CREATE TABLE MyUserTable (
  id BIGINT,
  name STRING,
  age INT,
  status BOOLEAN,
  PRIMARY KEY (id) NOT ENFORCED
) WITH (
   'connector' = 'jdbc',
   'url' = 'jdbc:mysql://localhost:3306/mydatabase',
   'table-name' = 'users',
   'username' = '${my_username}',
   'password' = '${my_password}'
);

The command allows to use Python DataStream API and Table API. There are two handles exposed for each API: stream_env and table_env, respectively.

Table API example:

%%flink_execute
query = """
    SELECT   user_id, COUNT(*)
    FROM     orders
    GROUP BY user_id
"""
execution_output = table_env.execute_sql(query)

When Table API is used, the final result has to be assigned to execution_output variable.

DataStream API example:

%%flink_execute
from pyflink.common.typeinfo import Types

execution_output = stream_env.from_collection(
    collection=[(1, 'aaa'), (2, 'bb'), (3, 'cccc')],
    type_info=Types.ROW([Types.INT(), Types.STRING()])
)

When DataStream API is used, the final result has to be assigned to execution_output variable.
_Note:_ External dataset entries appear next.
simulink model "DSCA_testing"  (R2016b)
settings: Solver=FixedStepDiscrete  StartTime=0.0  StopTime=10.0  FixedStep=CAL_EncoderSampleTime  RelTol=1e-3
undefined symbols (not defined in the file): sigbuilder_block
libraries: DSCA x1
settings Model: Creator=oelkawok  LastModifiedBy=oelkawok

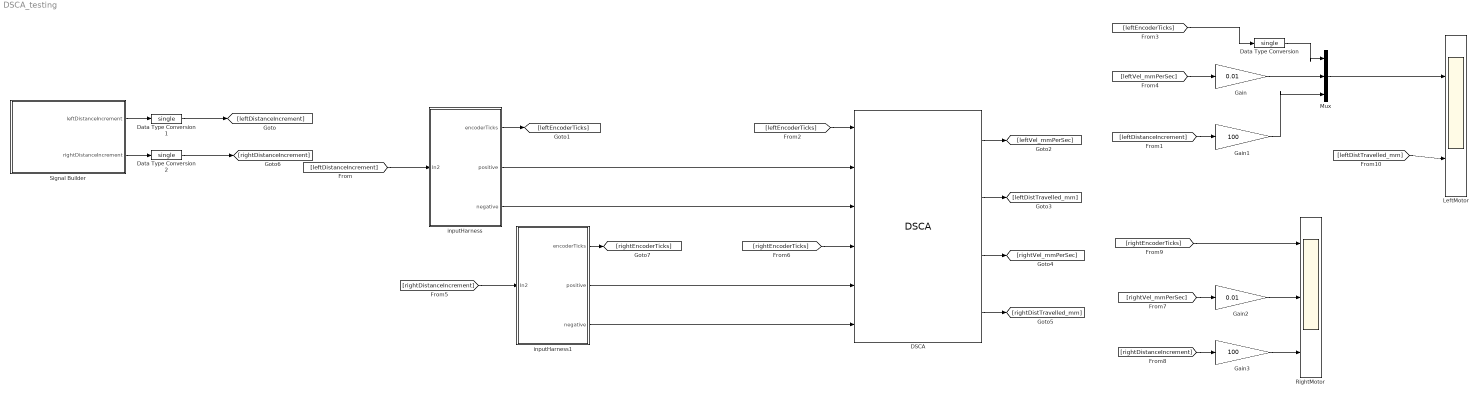
== system DSCA_testing ==
  DSCA : DSCA/DSCA
  Data Type Conversion : DataTypeConversion  OutDataTypeStr=single
  Data Type Conversion1 : DataTypeConversion  OutDataTypeStr=single
  Data Type Conversion2 : DataTypeConversion  OutDataTypeStr=single
  Gain : Gain  Gain=0.01
  Gain1 : Gain  Gain=100
  Gain2 : Gain  Gain=0.01
  Gain3 : Gain  Gain=100
  LeftMotor : Scope  NumInputPorts=2
  Mux : Mux  Inputs=3
  RightMotor : Scope  NumInputPorts=3
  Signal Builder : Subsystem  Tag=STV Subsys  LoadFcn=sigbuilder_block('load');  StartFcn=sigbuilder_block('start');  StopFcn=sigbuilder_block('stop');  ClipboardFcn=sigbuilder_block('clipboard');  mask(Sigbuilder block){tuvar=[0:10]}
      mask help: Simulink:masks:SigbuilderBlock_MD
      mask init:
      | if ~strcmp(get_param(bdroot(gcbh),'SimulationStatus'),'stopped') tuvar = sigbuilder_block('maskInit'); end
      settings: CopyFcn=sigbuilder_block('copy');  DeleteFcn=sigbuilder_block('delete');  ModelCloseFcn=sigbuilder_block('modelClose');  PreSaveFcn=sigbuilder_block('preSave');  PauseFcn=sigbuilder_block('pause');  ContinueFcn=sigbuilder_block('continue');  NameChangeFcn=sigbuilder_block('namechange');  OpenFcn=sigbuilder_block('open',[0.6 30.6 574.8 555.6 ]);  CloseFcn=sigbuilder_block('close');
      mask Display: plot(0, 0, 100, 100,[2, 2, 32, 32, 2], [68, 8, 8, 68, 68],[32, 2], [38, 38], [32, 19, 2],[53, 60, 44], [32, 17, 17, 2],[16, 16, 31, 31]);txt = getActiveGroup(gcbh);text(2, 100, txt,'verticalAlignment', 'top');
  inputHarness : Subsystem
  inputHarness1 : Subsystem
  wires:
  inputHarness/2(positive) -> DSCA/2
  inputHarness/3(negative) -> DSCA/3
  Signal Builder/1(leftDistanceIncrement) -> Data Type Conversion1/1
  [leftDistanceIncrement] -> inputHarness/1(In2)
  [leftDistanceIncrement] -> Gain1/1
  inputHarness/1(encoderTicks) -> [leftEncoderTicks]
  [leftEncoderTicks] -> DSCA/1
  DSCA/1 -> [leftVel_mmPerSec]
  [leftVel_mmPerSec] -> Gain/1
  DSCA/2 -> [leftDistTravelled_mm]
  DSCA/3 -> [rightVel_mmPerSec]
  DSCA/4 -> [rightDistTravelled_mm]
  Signal Builder/2(rightDistanceIncrement) -> Data Type Conversion2/1
  [rightDistanceIncrement] -> inputHarness1/1(In2)
  inputHarness1/2(positive) -> DSCA/5
  inputHarness1/3(negative) -> DSCA/6
  inputHarness1/1(encoderTicks) -> [rightEncoderTicks]
  [rightEncoderTicks] -> DSCA/4
  Gain2/1 -> RightMotor/2
  Gain3/1 -> RightMotor/3
  [rightEncoderTicks] -> RightMotor/1
  [rightVel_mmPerSec] -> Gain2/1
  [rightDistanceIncrement] -> Gain3/1
  Gain1/1 -> Mux/3
  Gain/1 -> Mux/2
  [leftEncoderTicks] -> Data Type Conversion/1
  Mux/1 -> LeftMotor/1
  [leftDistTravelled_mm] -> LeftMotor/2
  Data Type Conversion1/1 -> [leftDistanceIncrement]
  Data Type Conversion2/1 -> [rightDistanceIncrement]
  Data Type Conversion/1 -> Mux/1

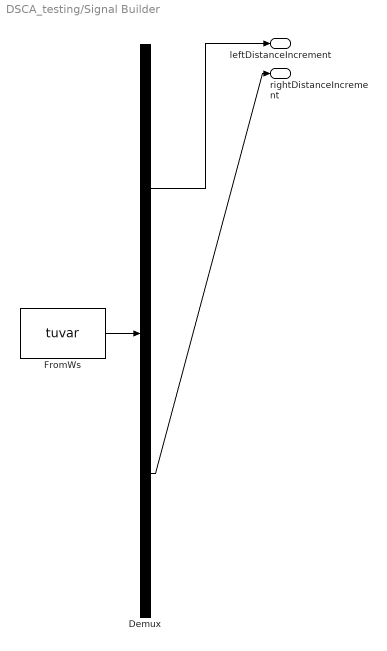
== system DSCA_testing/Signal Builder ==
  Demux : Demux  Tag=STV Demux  Outputs=2
  FromWs : FromWorkspace  Tag=STV FromWs  VariableName=tuvar  SampleTime=0
      SigBuilderData=|
      | common.afterFinalStr = 'Extrapolate'
      | common.sampleTime = 0
      | dataSet(1).timeRange = [0 10]
      | dataSet(1).name = 'Group 1'
      | dataSet(2).timeRange = [0 10]
      | dataSet(2).name = 'Group 2'
      | sbobj.Groups(1).Name = 'Group 1'
      | sbobj.Groups(1).Signals(1).Name = 'leftDistanceIncrement'
      | sbobj.Groups(1).Signals(1).XData = [0 1.9 3.98 4.94 6.2 7 8.2 8.76 10]
      | sbobj.Groups(1).Signals(1).YData = [0 0.00134 0 0.01 0.0008 0 0 0.001 0]
      | sbobj.Groups(1).Signals(2).Name = 'rightDistanceIncrement'
      | sbobj.Groups(1).Signals(2).XData = [0 1.9 3.98 4.94 6.2 7 8.2 8.76 10]
      | sbobj.Groups(1).Signals(2).YData = [0 0.00134 0 0.01 0.0008 0 0 0.001 0]
      | sbobj.Groups(2).Name = 'Group 2'
      | sbobj.Groups(2).Signals(1).Name = 'leftDistanceIncrement'
      | sbobj.Groups(2).Signals(1).XData = [0 1.9 3 4.94 6 7 8.2 8.76 9.02 10]
      | sbobj.Groups(2).Signals(1).YData = [0 0.00134 0.015 0.015 -0.01 -0.01 0.01 0.01 0 0]
      | sbobj.Groups(2).Signals(2).Name = 'rightDistanceIncrement'
      | sbobj.Groups(2).Signals(2).XData = [0 1.9 3 4.94 6 7 8.2 8.76 9.02 10]
      | sbobj.Groups(2).Signals(2).YData = [0 0.00134 0.015 0.015 -0.01 -0.01 0.01 0.01 0 0]
  leftDistanceIncrement : Outport  Tag=STV Outport
  rightDistanceIncrement : Outport  Tag=STV Outport  Port=2
  wires:
  Demux/1 -> leftDistanceIncrement/1
  FromWs/1 -> Demux/1
  Demux/2 -> rightDistanceIncrement/1

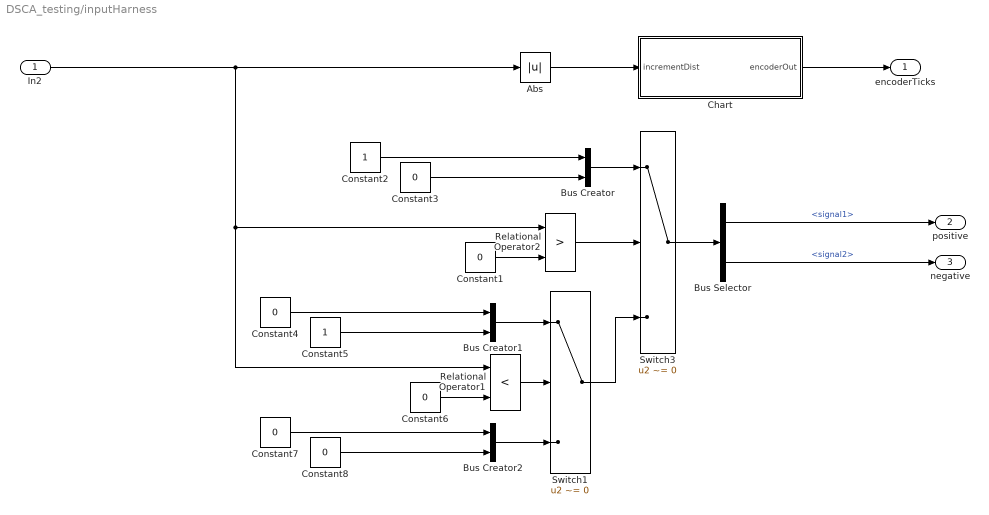
== system DSCA_testing/inputHarness ==
  In2 : Inport
  Abs : Abs
  Bus Creator : BusCreator  Inputs=2
  Bus Creator1 : BusCreator  Inputs=2
  Bus Creator2 : BusCreator  Inputs=2
  Bus Selector : BusSelector  OutputSignals=signal1,signal2
  Chart : Stateflow chart  TreatAsAtomicUnit=on
  Constant{1,3..4,6..8} (6 alike) : Constant  Value=0
  Constant2 : Constant
  Constant5 : Constant
  Relational Operator1 : RelationalOperator  Operator=<  OutDataTypeStr=boolean  RndMeth=Simplest
  Relational Operator2 : RelationalOperator  Operator=>  OutDataTypeStr=boolean  RndMeth=Simplest
  Switch1 : Switch  Criteria=u2 ~= 0
  Switch3 : Switch  Criteria=u2 ~= 0
  encoderTicks : Outport
  positive : Outport  Port=2
  negative : Outport  Port=3
  wires:
  In2/1 -> Relational Operator2/1, Relational Operator1/1, Abs/1
  Constant2/1 -> Bus Creator/1
  Constant8/1 -> Bus Creator2/2
  Bus Selector/1 -> positive/1  "<signal1>"
  Constant3/1 -> Bus Creator/2
  Bus Selector/2 -> negative/1  "<signal2>"
  Constant4/1 -> Bus Creator1/1
  Bus Creator1/1 -> Switch1/1
  Bus Creator/1 -> Switch3/1
  Chart/1(encoderOut) -> encoderTicks/1
  Relational Operator1/1 -> Switch1/2
  Relational Operator2/1 -> Switch3/2
  Constant7/1 -> Bus Creator2/1
  Bus Creator2/1 -> Switch1/3
  Switch3/1 -> Bus Selector/1
  Constant1/1 -> Relational Operator2/2
  Abs/1 -> Chart/1(incrementDist)
  Switch1/1 -> Switch3/3
  Constant5/1 -> Bus Creator1/2
  Constant6/1 -> Relational Operator1/2

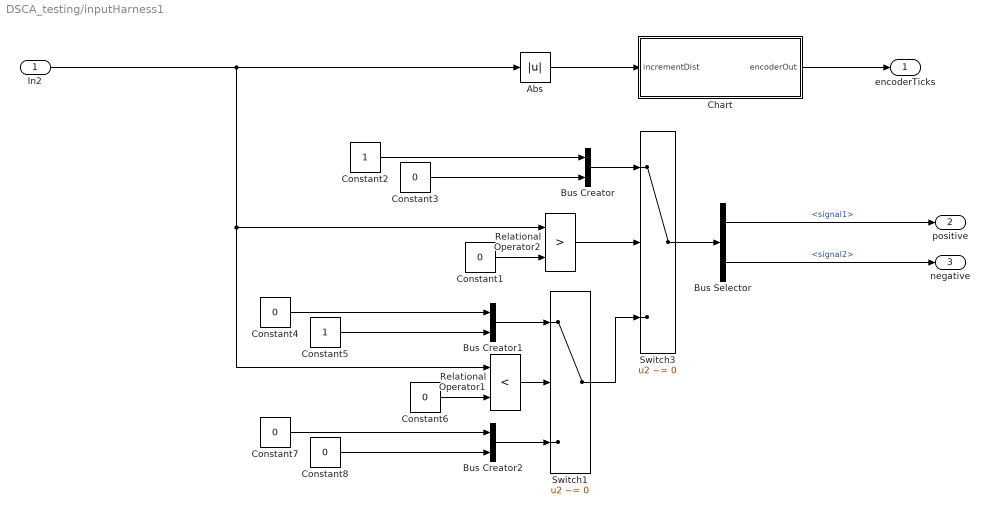
== system DSCA_testing/inputHarness1 ==
  In2 : Inport
  Abs : Abs
  Bus Creator : BusCreator  Inputs=2
  Bus Creator1 : BusCreator  Inputs=2
  Bus Creator2 : BusCreator  Inputs=2
  Bus Selector : BusSelector  OutputSignals=signal1,signal2
  Chart : Stateflow chart  TreatAsAtomicUnit=on
  Constant{1,3..4,6..8} (6 alike) : Constant  Value=0
  Constant2 : Constant
  Constant5 : Constant
  Relational Operator1 : RelationalOperator  Operator=<  OutDataTypeStr=boolean  RndMeth=Simplest
  Relational Operator2 : RelationalOperator  Operator=>  OutDataTypeStr=boolean  RndMeth=Simplest
  Switch1 : Switch  Criteria=u2 ~= 0
  Switch3 : Switch  Criteria=u2 ~= 0
  encoderTicks : Outport
  positive : Outport  Port=2
  negative : Outport  Port=3
  wires:
  Constant6/1 -> Relational Operator1/2
  Constant5/1 -> Bus Creator1/2
  Switch1/1 -> Switch3/3
  Abs/1 -> Chart/1(incrementDist)
  Constant1/1 -> Relational Operator2/2
  Switch3/1 -> Bus Selector/1
  Bus Creator2/1 -> Switch1/3
  Constant7/1 -> Bus Creator2/1
  Relational Operator2/1 -> Switch3/2
  Relational Operator1/1 -> Switch1/2
  Chart/1(encoderOut) -> encoderTicks/1
  Bus Creator/1 -> Switch3/1
  Bus Creator1/1 -> Switch1/1
  Constant4/1 -> Bus Creator1/1
  Bus Selector/2 -> negative/1  "<signal2>"
  Constant3/1 -> Bus Creator/2
  Bus Selector/1 -> positive/1  "<signal1>"
  Constant8/1 -> Bus Creator2/2
  Constant2/1 -> Bus Creator/1
  In2/1 -> Abs/1, Relational Operator1/1, Relational Operator2/1

== stateflow chart DSCA_testing/inputHarness1/Chart ==
  (default) -> (junction 1) : {
      | localDist = localDist + incrementDist;
      | }
  (junction 1) -> (junction 3) [order 1] : [localDist >= 0.036]//0.026]
  (junction 1) -> (junction 11) [order 2]
  (junction 3) -> (junction 5) : {
      | encoderOut = true;
      | localDist = 0;
      | }
  (junction 11) -> (junction 13) [order 1] : [localDist >= 0.018]//0.013]
  (junction 13) -> (junction 15) : {
      | encoderOut = false;
      | }
  (junction 11) -> (junction 18) [order 2]
  (junction 15) -> (junction 18)
  (junction 5) -> (junction 15)
  data: encoderOut output boolean; incrementDist input; localDist local double

== stateflow chart DSCA_testing/inputHarness/Chart ==
  (default) -> (junction 1) : {
      | localDist = localDist + incrementDist;
      | }
  (junction 1) -> (junction 3) [order 1] : [localDist >= 0.036]//0.026]
  (junction 1) -> (junction 11) [order 2]
  (junction 3) -> (junction 5) : {
      | encoderOut = true;
      | localDist = 0;
      | }
  (junction 11) -> (junction 13) [order 1] : [localDist >= 0.018]//0.013]
  (junction 13) -> (junction 15) : {
      | encoderOut = false;
      | }
  (junction 11) -> (junction 18) [order 2]
  (junction 15) -> (junction 18)
  (junction 5) -> (junction 15)
  data: encoderOut output boolean; incrementDist input; localDist local double

Please note that the pipeline does not end with .execute(), the execution is triggered by the Jupyter magics under the hood.


Local development

There are currently 2 options for running streaming_jupyter_integrations for development. We can either use a Docker image or install it on our machine.

Docker image

You can build a Docker image of Jupyter Notebooks by running the command below. It will contain functionality that was developed in this project.

docker build --tag streaming_jupyter_integrations_image .

After the image is built, we can run it using this command.

docker run --name streaming_jupyter_integrations -p 8888:8888 streaming_jupyter_integrations_image

After that we should be able to reach our Jupyterhub running on Docker under: http://127.0.0.1:8888/

Local installation

Note: You will need NodeJS to build the extension package.

The jlpm command is JupyterLab's pinned version of yarn that is installed with JupyterLab. You may use yarn or npm in lieu of jlpm below. In order to use jlpm, you have to have jupyterlab installed (e.g., by brew install jupyterlab, if you use Homebrew as your package manager).

# Clone the repo to your local environment
# Change directory to the flink_sql_lsp_extension directory
# Install package in development mode
pip install -e .
# Link your development version of the extension with JupyterLab
jupyter labextension develop . --overwrite
# Rebuild extension Typescript source after making changes
jlpm build

pre-commit

The project uses pre-commit hooks to ensure code quality, mostly by linting. To use it, install pre-commit and then run

pre-commit install --install-hooks

From that moment, it will lint the files you have modified on every commit attempt.